→ What you need to do
Scan the records for the string "points". State how many lines contain it and add nothing.

→ The input
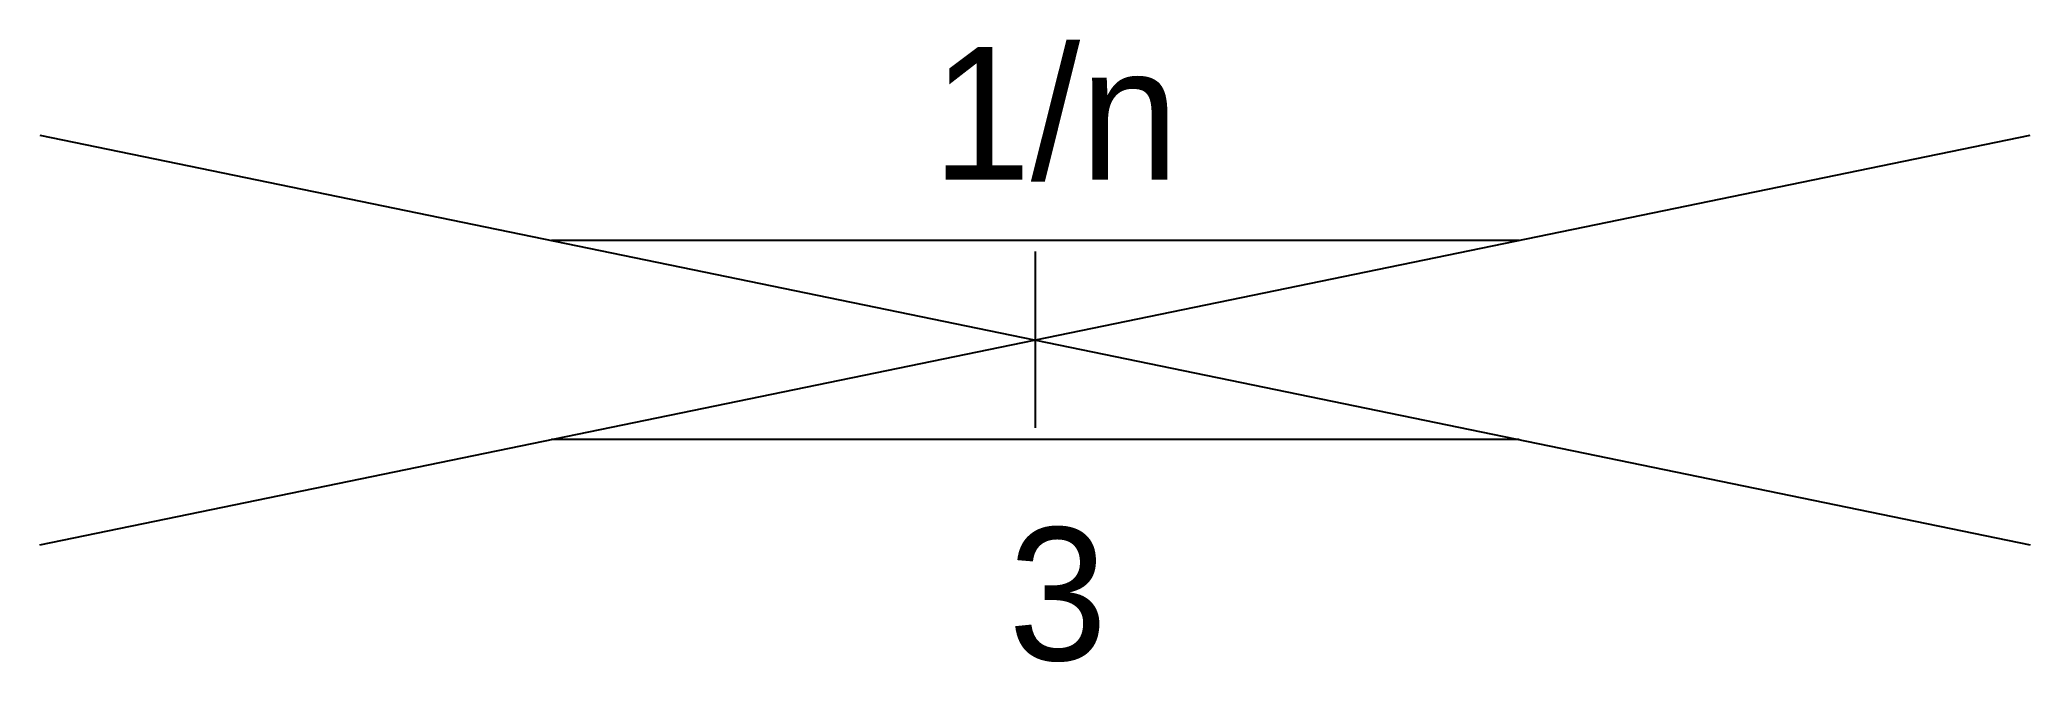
# Model space of a CAD drawing. Header units: metres. Extents: x 8.1 to 38, y 11.6 to 21.
import ezdxf

# ---------------------------------------------------------------- set-up
doc = ezdxf.new("R2010")
doc.units = ezdxf.units.M

msp = doc.modelspace()

# ---------------------------------------------------------------- linework, layer by layer
msp.add_line((23.05, 17.79), (23.05, 15.13))
for points in [[(8.05, 13.37), (38.05, 19.54)], [(8.05, 19.54), (38.05, 13.37)], [(15.76, 17.96), (30.35, 17.96)], [(15.76, 14.96), (30.35, 14.96)]]:
    msp.add_lwpolyline(points)

# ---------------------------------------------------------------- texts
for s, p in [('1/n', (21.5, 18.87)), ('3', (22.65, 11.63))]:
    msp.add_text(s, height=2).set_placement(p)

doc.saveas('drawing.dxf')

→ Exercise solution
2